◆ **The task**
As you look over the data below, please find each line where the word "centre" appears, then copy it.

=====

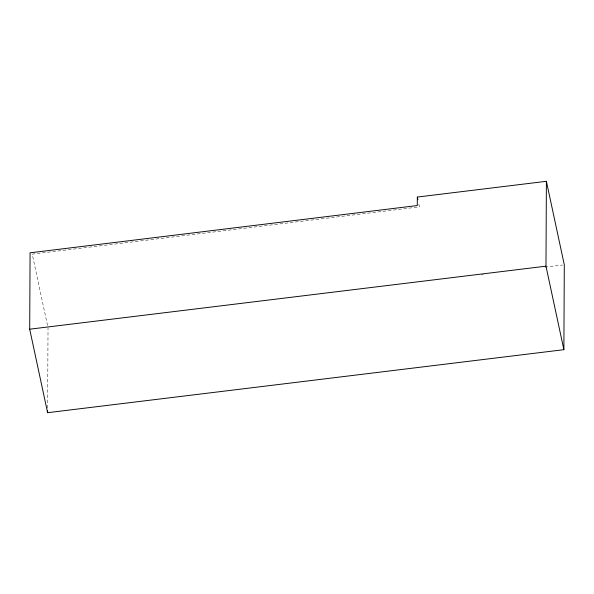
<?xml version="1.0" encoding="UTF-8"?>
<svg xmlns="http://www.w3.org/2000/svg" width="594" height="594" viewBox="0 0 594 594"><rect width="100%" height="100%" fill="white"/><g stroke="black" fill="none" stroke-linecap="round" stroke-linejoin="round"><path stroke-width="0.45" stroke-dasharray="2.97 2.23" d="M47.624 408.085L48.025 327.829M481.474 274.918L483.316 274.695M544.973 267.166L562.459 265.035M418.859 204.202L419.431 206.883L32.224 254.143L47.639 326.032"/><path stroke-width="0.89" d="M29.7 329.195L30.079 252.806L417.285 205.546L417.33 197.059L546.398 181.304L564.3 264.805L563.877 349.68L47.602 412.696L29.7 329.195L545.975 266.171L546.398 181.304M47.602 412.696L47.609 410.855M545.975 266.171L563.877 349.68M417.33 197.059L417.901 199.74"/></g></svg>
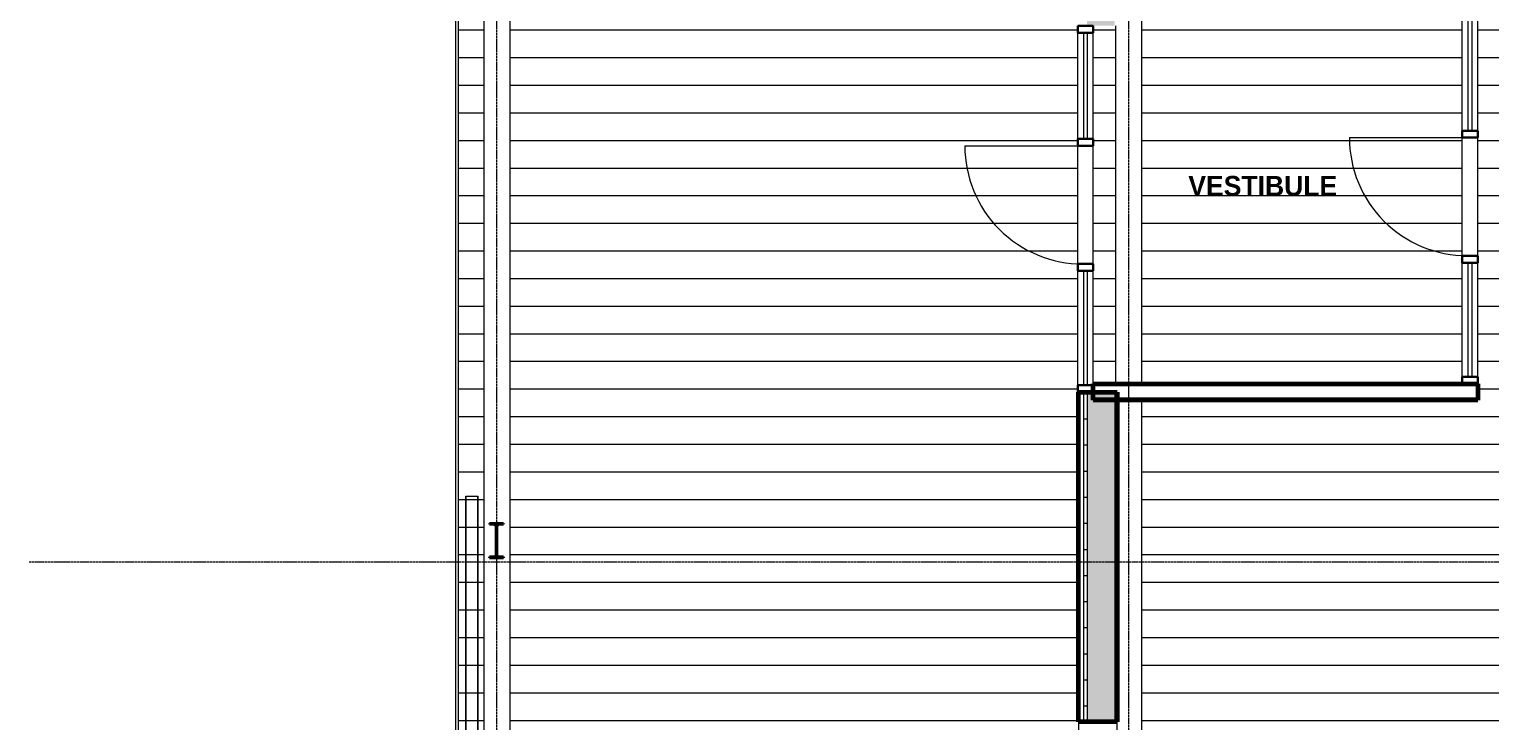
# Model space of a CAD drawing. Header units: inches. Extents: x 30 to 2293, y -1876 to -115.
# Drawn here: x 62 to 485.2, y -1220.8 to -1020.3 of the extents above; entities that cross this region are included whole.
import ezdxf

# ---------------------------------------------------------------- set-up
doc = ezdxf.new("R2010")
doc.units = ezdxf.units.IN
doc.header["$MEASUREMENT"] = 0
doc.linetypes.add('Grid Line 1_2_', pattern=[0.875, 0.5, -0.125, 0.125, -0.125])
for name, color, linetype, lineweight in [('A-AREA-IDEN', 2, 'Continuous', 9), ('A-DOOR', 31, 'Continuous', 18), ('A-GLAZ-CURT', 52, 'Continuous', 9), ('A-GLAZ-CWMG', 51, 'Continuous', 9), ('A-ROOF', 132, 'Continuous', 18), ('A-ROOF-OTLN', 132, 'Continuous', 9), ('A-ROOF-PATT', 132, 'Continuous', 18), ('A-WALL', 113, 'Continuous', 18), ('A-WALL-PATT', 111, 'Continuous', 60), ('I-WALL', 2, 'Continuous', 18), ('L-SITE-WALL', 31, 'Continuous', 18), ('S-BEAM', 12, 'Continuous', 9), ('S-COLS', 52, 'Continuous', 9), ('S-GRID', 1, 'Continuous', 9)]:
    doc.layers.add(name, color=color, linetype=linetype, lineweight=lineweight)
doc.styles.add('Century Gothic_B', font='GOTHICB.TTF', dxfattribs={"height": 5.744479})
pattern_1 = [(0, (0, 0), (20.48, 5.12), [0.845, -14.515, 0.845, -14.515, -81.92]), (0, (0, 0), (20.48, 5.12), [-30.72, 0.845, -29.875, 0.845, -14.515, -35.84]), (0, (0, 0), (20.48, 5.12), [-76.8, 0.845, -9.395, 0.845, -24.755]), (120, (7.68, 2.56), (-14.67405, 15.1762), [0.845, -14.515, 0.845, -14.515, -81.92]), (120, (7.68, 2.56), (-14.67405, 15.1762), [-30.72, 0.845, -29.875, 0.845, -14.515, -35.84]), (120, (7.68, 2.56), (-14.67405, 15.1762), [-76.8, 0.845, -9.395, 0.845, -24.755]), (240, (10.24, 12.8), (-5.80595, -20.2962), [0.845, -14.515, 0.845, -14.515, -81.92]), (240, (10.24, 12.8), (-5.80595, -20.2962), [-30.72, 0.845, -29.875, 0.845, -14.515, -35.84]), (240, (10.24, 12.8), (-5.80595, -20.2962), [-76.8, 0.845, -9.395, 0.845, -24.755])]

# ---------------------------------------------------------------- blocks, each defined once
blk = doc.blocks.new('W-Wide Flange - W18X50-V16-REFLECTED CEILING PLAN - OFFICE ANNEX')
at = {"layer": 'S-BEAM', "color": 7}
for p, q in [((384.06, -1012.71), (384.06, -1122.95)), ((376.56, -1019.33), (376.56, -1122.95)), ((384.06, -1127.7), (384.06, -1519.23))]:
    blk.add_line(p, q, dxfattribs=at)
blk = doc.blocks.new('System Panel - Exterior Glazing-430040-REFLECTED CEILING PLAN - OFFICE ANNEX')
at = {"layer": 'A-GLAZ-CURT', "color": 10, "lineweight": 18}
for p, q in [((-16.53125, -1.25), (-16.53125, -0.25)), ((-16.53125, -0.25), (16.53125, -0.25)), ((16.53125, -1.25), (-16.53125, -1.25)), ((16.53125, -0.25), (16.53125, -1.25))]:
    blk.add_line(p, q, dxfattribs=at)
at = {"layer": 'A-GLAZ-CURT', "color": 130}
for p, q in [((-16.53125, -0.25), (-16.53125, -1.25)), ((16.53125, -0.25), (16.53125, -1.25))]:
    blk.add_line(p, q, dxfattribs=at)
at = {"layer": 'A-GLAZ-CURT', "color": 9}
for p, q in [((-16.53125, -0.25), (16.53125, -0.25)), ((16.53125, -1.25), (-16.53125, -1.25))]:
    blk.add_line(p, q, dxfattribs=at)
blk = doc.blocks.new('Door_Single_Storefront - one-624149-REFLECTED CEILING PLAN - OFFICE ANNEX')
at = {"layer": 'A-DOOR', "color": 10}
blk.add_line((-17.09375, -34.1875), (-17.09375, 0), dxfattribs=at)
blk.add_arc((-17.09375, 0), 34.1875, 270, 0, dxfattribs=at)
blk = doc.blocks.new('Rectangular Mullion - Exterior 2_ x 4_5_-626658-REFLECTED CEILING PLAN - OFFICE ANNEX')
at = {"layer": 'A-GLAZ-CWMG', "color": 50, "lineweight": 30}
for p, q in [((-2, 3), (0, 3)), ((-2, -1.5), (-2, 3)), ((0, 3), (0, -1.5)), ((0, -1.5), (-2, -1.5))]:
    blk.add_line(p, q, dxfattribs=at)
blk = doc.blocks.new('Rectangular Mullion - Exterior 2_ x 4_5_-430037-REFLECTED CEILING PLAN - OFFICE ANNEX')
at = {"layer": 'A-GLAZ-CWMG', "color": 7}
for p, q in [((2041.31, -1455.27), (2041.31, -1489.46)), ((2045.81, -1455.27), (2045.81, -1489.46))]:
    blk.add_line(p, q, dxfattribs=at)
blk = doc.blocks.new('Rectangular Mullion - Exterior 2_ x 4_5_-430038-REFLECTED CEILING PLAN - OFFICE ANNEX')
at = {"layer": 'A-GLAZ-CWMG', "color": 50, "lineweight": 30}
for p, q in [((1, 3), (-1, 3)), ((-1, 3), (-1, -1.5)), ((1, -1.5), (1, 3)), ((-1, -1.5), (1, -1.5))]:
    blk.add_line(p, q, dxfattribs=at)
blk = doc.blocks.new('System Panel - Exterior Glazing-430041-REFLECTED CEILING PLAN - OFFICE ANNEX')
at = {"layer": 'A-GLAZ-CURT', "color": 10, "lineweight": 18}
for p, q in [((-17.09375, -1.25), (-17.09375, -0.25)), ((-17.09375, -0.25), (17.09375, -0.25)), ((17.09375, -1.25), (-17.09375, -1.25)), ((17.09375, -0.25), (17.09375, -1.25))]:
    blk.add_line(p, q, dxfattribs=at)
at = {"layer": 'A-GLAZ-CURT', "color": 130}
for p, q in [((-17.09375, -0.25), (-17.09375, -1.25)), ((17.09375, -0.25), (17.09375, -1.25))]:
    blk.add_line(p, q, dxfattribs=at)
at = {"layer": 'A-GLAZ-CURT', "color": 9}
for p, q in [((-17.09375, -0.25), (17.09375, -0.25)), ((17.09375, -1.25), (-17.09375, -1.25))]:
    blk.add_line(p, q, dxfattribs=at)
blk = doc.blocks.new('Rectangular Mullion - Exterior 2_ x 4_5_-430030-REFLECTED CEILING PLAN - OFFICE ANNEX')
at = {"layer": 'A-GLAZ-CWMG', "color": 9}
for p, q in [((2043.06, -1420.21), (2041.31, -1420.21)), ((2045.81, -1420.21), (2044.06, -1420.21))]:
    blk.add_line(p, q, dxfattribs=at)
at = {"layer": 'A-GLAZ-CWMG', "color": 7}
for p, q in [((2041.31, -1420.21), (2041.31, -1453.27)), ((2045.81, -1420.21), (2045.81, -1453.27))]:
    blk.add_line(p, q, dxfattribs=at)
at = {"layer": 'A-GLAZ-CWMG', "color": 130}
blk.add_line((2044.06, -1420.21), (2043.06, -1420.21), dxfattribs=at)
blk = doc.blocks.new('Rectangular Mullion - Exterior 2_ x 4_5_-653078-REFLECTED CEILING PLAN - OFFICE ANNEX')
at = {"layer": 'A-GLAZ-CWMG', "color": 50, "lineweight": 30}
for p, q in [((0, 3), (-2, 3)), ((-2, 3), (-2, -1.5)), ((0, -1.5), (0, 3)), ((-2, -1.5), (0, -1.5))]:
    blk.add_line(p, q, dxfattribs=at)
blk = doc.blocks.new('Rectangular Mullion - Exterior 2_ x 4_5_-653079-REFLECTED CEILING PLAN - OFFICE ANNEX')
at = {"layer": 'A-GLAZ-CWMG', "color": 50, "lineweight": 30}
for p, q in [((-2, 3), (0, 3)), ((-2, -1.5), (-2, 3)), ((0, 3), (0, -1.5)), ((0, -1.5), (-2, -1.5))]:
    blk.add_line(p, q, dxfattribs=at)
blk = doc.blocks.new('System Panel - Exterior Glazing-637811-REFLECTED CEILING PLAN - OFFICE ANNEX')
at = {"layer": 'A-GLAZ-CURT', "color": 10, "lineweight": 18}
for p, q in [((-15.375, -1.25), (-15.375, -0.25)), ((-15.375, -0.25), (15.375, -0.25)), ((15.375, -1.25), (-15.375, -1.25)), ((15.375, -0.25), (15.375, -1.25))]:
    blk.add_line(p, q, dxfattribs=at)
at = {"layer": 'A-GLAZ-CURT', "color": 130}
for p, q in [((-15.375, -0.25), (-15.375, -1.25)), ((15.375, -0.25), (15.375, -1.25))]:
    blk.add_line(p, q, dxfattribs=at)
at = {"layer": 'A-GLAZ-CURT', "color": 9}
for p, q in [((-15.375, -0.25), (15.375, -0.25)), ((15.375, -1.25), (-15.375, -1.25))]:
    blk.add_line(p, q, dxfattribs=at)
blk = doc.blocks.new('Rectangular Mullion - Exterior 2_ x 4_5_-637810-REFLECTED CEILING PLAN - OFFICE ANNEX')
at = {"layer": 'A-GLAZ-CWMG', "color": 9}
for p, q in [((367.33, -1021.33), (365.58, -1021.33)), ((370.08, -1021.33), (368.33, -1021.33))]:
    blk.add_line(p, q, dxfattribs=at)
at = {"layer": 'A-GLAZ-CWMG', "color": 7}
for p, q in [((365.58, -1052.08), (365.58, -1021.33)), ((370.08, -1052.08), (370.08, -1021.33))]:
    blk.add_line(p, q, dxfattribs=at)
at = {"layer": 'A-GLAZ-CWMG', "color": 130}
blk.add_line((368.33, -1021.33), (367.33, -1021.33), dxfattribs=at)
blk = doc.blocks.new('Rectangular Mullion - Exterior 2_ x 4_5_-V17-REFLECTED CEILING PLAN - OFFICE ANNEX')
at = {"layer": 'A-GLAZ-CWMG', "color": 7}
for p, q in [((365.58, -1123.33), (365.58, -1090.26)), ((370.08, -1122.95), (370.08, -1090.26))]:
    blk.add_line(p, q, dxfattribs=at)
at = {"layer": 'A-GLAZ-CWMG', "color": 9}
for p, q in [((365.58, -1123.33), (367.33, -1123.33)), ((368.33, -1123.33), (370.08, -1123.33))]:
    blk.add_line(p, q, dxfattribs=at)
at = {"layer": 'A-GLAZ-CWMG', "color": 130}
blk.add_line((367.33, -1123.33), (368.33, -1123.33), dxfattribs=at)
blk = doc.blocks.new('W-Wide Flange - W18X50-653633-REFLECTED CEILING PLAN - OFFICE ANNEX')
at = {"layer": 'S-BEAM', "color": 9}
for p, q in [((201.19, -1015.96), (193.69, -1015.96)), ((193.69, -1015.96), (193.69, -1019.33)), ((201.19, -1015.96), (201.19, -1019.33))]:
    blk.add_line(p, q, dxfattribs=at)
at = {"layer": 'S-BEAM', "color": 7}
for p, q in [((193.69, -1019.33), (193.69, -1519.21)), ((201.19, -1019.33), (201.19, -1519.21)), ((193.69, -1519.24), (193.69, -1519.21)), ((193.69, -1519.21), (201.19, -1519.21)), ((196.58, -1519.24), (193.69, -1519.24)), ((197.26, -1519.91), (197.26, -1519.26)), ((197.61, -1519.26), (197.61, -1519.91)), ((201.19, -1519.24), (198.29, -1519.24)), ((201.19, -1519.21), (201.19, -1519.24))]:
    blk.add_line(p, q, dxfattribs=at)
for centre, start_param, end_param in [((196.58, -1519.26), 0, 1.570796), ((198.29, -1519.26), 1.570796, 3.141593)]:
    blk.add_ellipse(centre, major_axis=(0.68, 0), ratio=0.041631, start_param=start_param, end_param=end_param, dxfattribs=at)
blk = doc.blocks.new('Open Source Metal Building_Exterior_rvt-1-REFLECTED CEILING PLAN - OFFICE ANNEX')
at = {"layer": 'A-ROOF-PATT', "lineweight": 9}
h = blk.add_hatch(dxfattribs=at)
h.set_pattern_fill('FP_33', style=0, pattern_type=2)
h.set_pattern_definition([(180, (-24239.079, 21231.977), (1e-15, 7.993), [])])
h.paths.add_polyline_path([(1949.7, -1624.02), (2105.44, -1624.02), (2105.44, -1405.9), (2045.94, -1405.9), (2045.94, -1405.96), (2042.31, -1405.96), (2042.31, -1409.46), (2045.94, -1409.46), (2045.94, -1418.21), (2045.81, -1418.21), (2045.81, -1537.46), (1709.69, -1537.46), (1709.69, -1538.96), (487.19, -1538.96), (487.19, -1537.46), (367.31, -1537.46), (367.31, -1522.46), (365.81, -1522.46), (365.81, -1125.33), (365.58, -1125.33), (365.58, -1019.33), (368.31, -1019.33), (368.31, -1015.83), (365.81, -1015.83), (365.81, -1004.85), (368.31, -1004.85), (368.31, -1001.35), (186.31, -1001.35), (186.31, -1624.02), (1689.25, -1624.02)], flags=0)
h.paths.add_polyline_path([(415.94, -1532.96), (487.19, -1532.96), (487.19, -1527.71), (710.2, -1527.71), (710.2, -1521.27), (710.04, -1520.89), (709.65, -1520.73), (708.31, -1520.73), (708.31, -1520.46), (712.31, -1520.46), (712.31, -1520.73), (710.97, -1520.73), (710.59, -1520.89), (710.43, -1521.27), (710.43, -1527.71), (1040.2, -1527.71), (1040.2, -1521.27), (1040.04, -1520.89), (1039.65, -1520.73), (1038.31, -1520.73), (1038.31, -1520.46), (1042.31, -1520.46), (1042.31, -1520.73), (1040.97, -1520.73), (1040.59, -1520.89), (1040.43, -1521.27), (1040.43, -1527.71), (1102.03, -1527.71), (1102.03, -1340.96), (1181.03, -1340.96), (1181.03, -1017.21), (1082.4, -1017.21), (1082.4, -1012.46), (1116.03, -1012.46), (1116.03, -975.09), (1101.28, -975.09), (1101.28, -945.09), (1116.03, -945.09), (1116.03, -933.09), (1101.28, -933.09), (1101.28, -922.59), (1090.78, -922.59), (1090.78, -907.84), (1069.4, -907.84), (1069.4, -922.59), (1044.06, -922.59), (1044.06, -1519.25), (1036.56, -1519.23), (1036.56, -922.59), (949.4, -922.59), (949.4, -907.84), (928.03, -907.84), (928.03, -922.59), (917.53, -922.59), (917.53, -933.09), (902.78, -933.09), (902.78, -945.09), (917.53, -945.09), (917.53, -975.09), (902.78, -975.09), (902.78, -1012.46), (934.4, -1012.46), (934.4, -1017.21), (898.03, -1017.21), (898.03, -962.77), (714.06, -962.77), (714.06, -1519.25), (706.56, -1519.23), (706.56, -962.77), (627.56, -962.77), (627.56, -1012.71), (481.44, -1012.71), (481.44, -1127.7), (384.06, -1127.7), (384.06, -1519.25), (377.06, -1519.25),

=====

◆ **Problem solution**
for centre, start_param, end_param in [((196.58, -1519.26), 0, 1.570796), ((198.29, -1519.26), 1.570796, 3.141593)]:
    blk.add_ellipse(centre, major_axis=(0.68, 0), ratio=0.041631, start_param=start_param, end_param=end_param, dxfattribs=at)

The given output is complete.